CARDEAL WISEMAN. Fabíola ou A Igreja das Catacumbas. Tradução de Leyguarda Ferreira. Lisboa: João Romano Torres, 1969.

Após empreender uma verdadeira peregrinação por Lisboa e, especialmente, pelo Bairro Alto, encontrei-o num sebo que em 2014 completará 100 anos, a Livraria Barateira, Lda. 

[NOTA: Caso queira adquirir uma edição impressa, acesse a Estante Virtual]

Logo de início, Gentil Marques, o autor do prefácio, diz que o que impulsionou o Cardeal Nicholas Wiseman (1802-1865) foi o amor pelo tema. Isso condiz com o espírito desse sevilhano que, desde criança, "amava as flores, o céu e a verdade". Permanece um mistério como o autor, homem extremamente sobrecarregado pelas atividades do seu ministério, conseguiu levar a cabo a missão de escrever esse excelente romance. Tudo isso deve contagiar o leitor: é animador saber que A Igreja das catacumbas (como Fabíola também é conhecida) não foi escrita por interesses financeiros ou quaisquer outros, mas tão-somente pelo amor!

Posto isso, vamos ao enredo. A estória se passa em Roma, no início do século IV d.C., durante a última grande onda de perseguição aos cristãos. Essa perseguição foi a promovida por Diocleciano e seus colegas tetrarcas entre 303 e 311 (só para constar, a 1ª dessas "ondas" ocorreu sob Décio, entre 249 e 251, e a 2ª, sob Valeriano, entre 257 e 260). Logo no 1º capítulo já ficamos extasiados com o enorme exemplo de fé do jovem Pancratius, que recebera o exercício de desenvolver a frase "o verdadeiro filósofo deve estar sempre disposto a morrer pela verdade." Seguindo suas convicções, mudou a palavra "filósofo" por "cristão", e "verdade" por "fé". Um colega pagão incomodou-se e procurou-o para uma luta, após a aula. Ao ver que Pancratius não cederia, insultou-o e agrediu-o. A seguir, o professor chegou e estava pronto para punir o agressor. Contudo, demonstrando um genuíno espírito cristão, Pancratius insistiu para que o colega petulante não fosse castigado. Ao relatar o episódio em casa, afirmou ter sido aquele um dia feliz porque havia vencido a luta do autocontrole!

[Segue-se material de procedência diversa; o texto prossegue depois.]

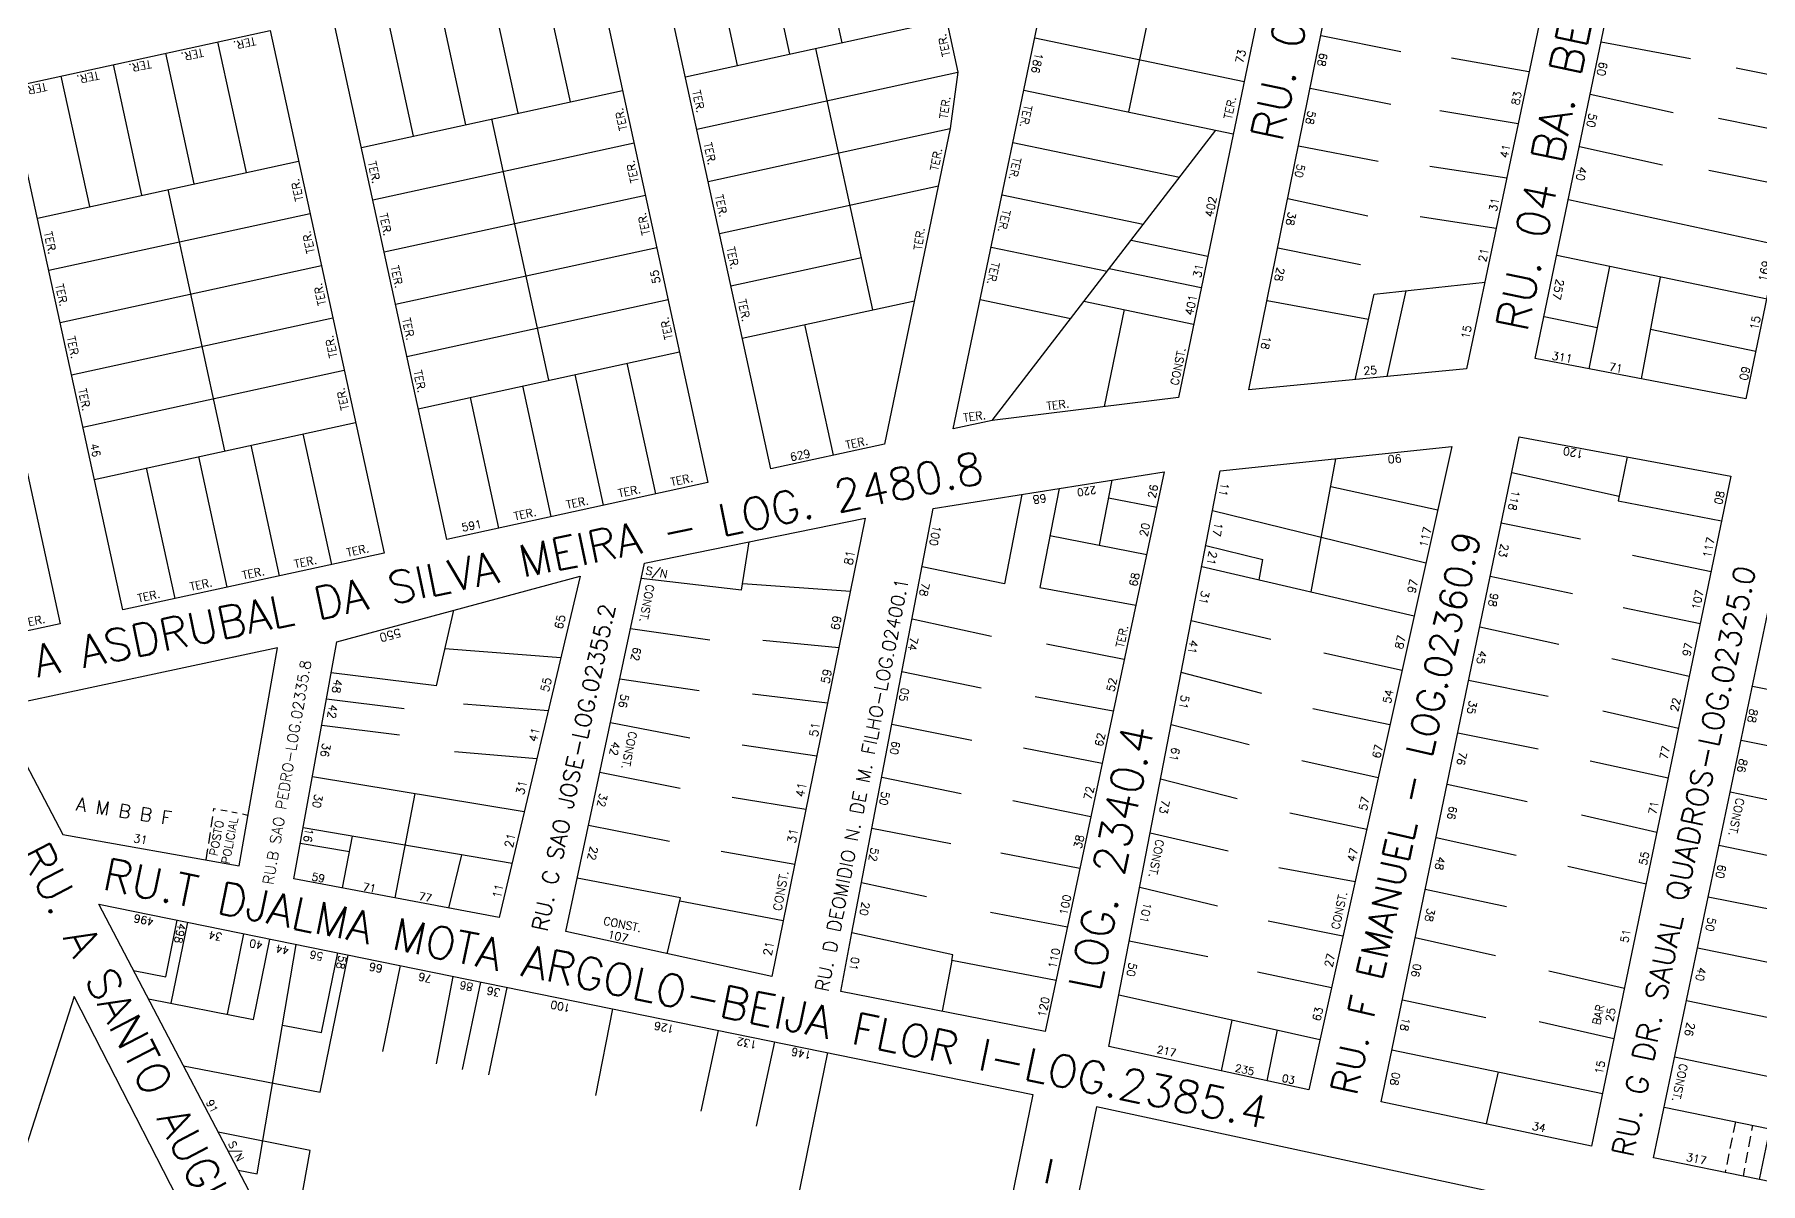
# Model space of a CAD drawing. Extents: x 714896 to 749292, y 8417558 to 8447149.
# Drawn here: x 741882.1 to 742204.8, y 8426046.8 to 8426261.6 of the extents above; entities that cross this region are included whole.
import ezdxf

# ---------------------------------------------------------------- set-up
doc = ezdxf.new("R2010")
doc.units = 0
doc.header["$MEASUREMENT"] = 0
for name, color, linetype in [('LOTE', 7, 'CONTINUOUS'), ('NUM-PORTA', 7, 'CONTINUOUS'), ('QUADRA', 6, 'CONTINUOUS'), ('TEXTO', 7, 'CONTINUOUS'), ('TEXTODERUA', 3, 'CONTINUOUS')]:
    doc.layers.add(name, color=color, linetype=linetype)
doc.styles.add('ROMANS', font='ROMANS.SHX', dxfattribs={"height": 1.5})

msp = doc.modelspace()

# ---------------------------------------------------------------- linework, layer by layer
at = {"layer": 'LOTE', "color": 7}
for p, q in [((742033.1, 8426260.05), (742027.78, 8426284.47)), ((742094.84, 8426286.27), (742086.68, 8426247.12)), ((742013.56, 8426255.79), (742008.24, 8426280.22)), ((742023.33, 8426257.92), (742018.01, 8426282.35)), ((741972.52, 8426246.85), (741967.2, 8426271.28)), ((741982.29, 8426248.98), (741976.97, 8426273.41)), ((741952.98, 8426242.59), (741947.66, 8426267.02)), ((741962.75, 8426244.72), (741957.43, 8426269.15)), ((742003.79, 8426253.66), (742052.64, 8426264.3)), ((742069.14, 8426260.99), (742108.3, 8426252.82)), ((742122.66, 8426261.38, 526.3), (742137.57, 8426258.41, 527.73)), ((741911.94, 8426233.65), (741906.62, 8426258.08)), ((741921.71, 8426235.78), (741916.39, 8426260.21)), ((742038.86, 8426210.13), (742028.21, 8426258.98)), ((742175.04, 8426260.21, 526.91), (742191.74, 8426257.12, 528.43)), ((741902.17, 8426231.53), (741896.85, 8426255.95)), ((742005.91, 8426243.89), (742054.77, 8426254.53)), ((742161.54, 8426254.62, 530.68), (742147.05, 8426257.14, 528.57)), ((742214.39, 8426252.45, 531.29), (742200.31, 8426255.31, 529.2)), ((741892.4, 8426229.4), (741887.08, 8426253.82)), ((741943.21, 8426240.46), (741992.06, 8426251.11)), ((742067.1, 8426251.2), (742106.26, 8426243.04)), ((742120.66, 8426251.55, 526.3), (742135.7, 8426248.53, 527.72)), ((742173, 8426250.42, 526.91), (742188.52, 8426247.03, 528.27)), ((741978.28, 8426196.93), (741967.63, 8426245.79)), ((742159.51, 8426244.9, 530.68), (742144.85, 8426247.31, 528.51)), ((742212.4, 8426242.78, 531.29), (742196.97, 8426245.9, 529.04)), ((741945.34, 8426230.69), (741994.19, 8426241.34)), ((742008.04, 8426234.12), (742053.34, 8426243.99)), ((742061.18, 8426189.43), (742102.98, 8426243.72)), ((742065.06, 8426241.41), (742096.2, 8426234.92)), ((742118.46, 8426240.74, 526.3), (742133.36, 8426237.9, 527.66)), ((742170.97, 8426240.63, 526.91), (742186.49, 8426237.23, 528.27)), ((741882.63, 8426227.27), (741931.48, 8426237.91)), ((742157.39, 8426234.7, 530.68), (742143.02, 8426236.91, 528.47)), ((742210.4, 8426233.11, 531.29), (742195.18, 8426236.17, 529)), ((741917.7, 8426183.74), (741907.05, 8426232.59)), ((741947.46, 8426220.92), (741996.32, 8426231.57)), ((742010.17, 8426224.35), (742051.11, 8426233.27)), ((742063.02, 8426231.62), (742089.43, 8426226.11)), ((742116.47, 8426230.91, 526.3), (742131.43, 8426227.71, 527.61)), ((742168.92, 8426230.76, 526.91), (742208.17, 8426222.29, 531.29)), ((741884.76, 8426217.5), (741933.61, 8426228.14)), ((742155.43, 8426225.3, 530.68), (742141.23, 8426227.51, 528.38)), ((741949.59, 8426211.15), (741998.45, 8426221.79)), ((742060.98, 8426221.83), (742082.65, 8426217.31)), ((742087.14, 8426223.14), (742101.49, 8426220.15)), ((742012.3, 8426214.58), (742036.73, 8426219.9)), ((742114.6, 8426221.72, 526.3), (742130.04, 8426218.59, 527.54)), ((742166.75, 8426220.32, 526.91), (742206.08, 8426212.18, 531.29)), ((741886.88, 8426207.73), (741935.74, 8426218.37)), ((742083.07, 8426217.86), (742100.27, 8426214.27)), ((742176.63, 8426218.18, 527.73), (742172.77, 8426199.09, 527.08)), ((742186.1, 8426216.2, 528.33), (742182.52, 8426197.23, 527.08)), ((742129.03, 8426197.04, 526.46), (742132.59, 8426213.06, 527.66)), ((742132.59, 8426213.06, 527.66), (742153.33, 8426215.26, 530.69)), ((742135, 8426197.62, 526.46), (742138.57, 8426213.64, 527.66)), ((741951.72, 8426201.38), (742000.58, 8426212.02)), ((742014.43, 8426204.81), (742046.64, 8426211.82)), ((742058.94, 8426212.04), (742075.87, 8426208.51)), ((742078.33, 8426211.7), (742098.84, 8426207.42)), ((742085.82, 8426210.14), (742082.09, 8426192.01)), ((742112.6, 8426211.88, 526.3), (742131.56, 8426208.39, 527.49)), ((741889.01, 8426197.96), (741937.87, 8426208.6)), ((742031.47, 8426182.93), (742026.15, 8426207.36)), ((742164.36, 8426208.84), (742174.32, 8426206.78, 1.11)), ((742184.27, 8426206.48, 529.1), (742203.97, 8426202.41, 531.29)), ((741953.85, 8426191.61), (742002.7, 8426202.25)), ((741998.25, 8426175.7), (741992.93, 8426200.12)), ((741891.14, 8426188.18), (741940, 8426198.83)), ((741988.48, 8426173.57), (741983.16, 8426198)), ((741968.94, 8426169.31), (741963.62, 8426193.74)), ((741978.71, 8426171.44), (741973.39, 8426195.87)), ((741893.27, 8426178.41), (741942.12, 8426189.06)), ((741937.67, 8426162.5), (741932.35, 8426186.93)), ((741927.9, 8426160.37), (741922.58, 8426184.8)), ((741908.36, 8426156.12), (741903.04, 8426180.54)), ((741918.13, 8426158.24), (741912.81, 8426182.67)), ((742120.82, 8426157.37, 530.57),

Finalizo com uma citação, muito bem fundamentada historicamente (como todo o pano de fundo da obra, diga-se de passagem). A explicação sobre as causas das perseguições anticristãs no Império Romano não poderia ser melhor:

[...] O ódio ao cristianismo tinha origens políticas tanto como religiosas, pois era considerado contrário à prosperidade e à extensão do Império Romano, obedecendo a um poder invisível e espiritual. Os cristãos eram acusados de 'irreligiosi en Caesares', isto é, desleais para com o imperador, e isto bastava. A sua segurança dependia do espírito popular e qualquer demagogo ou fanático podia facilmente incitar contra eles os sentimentos de ódio e de vingança, sem que o seu procedimento, a sua atitude pacífica, conseguissem defendê-los das perseguições. (p. 76)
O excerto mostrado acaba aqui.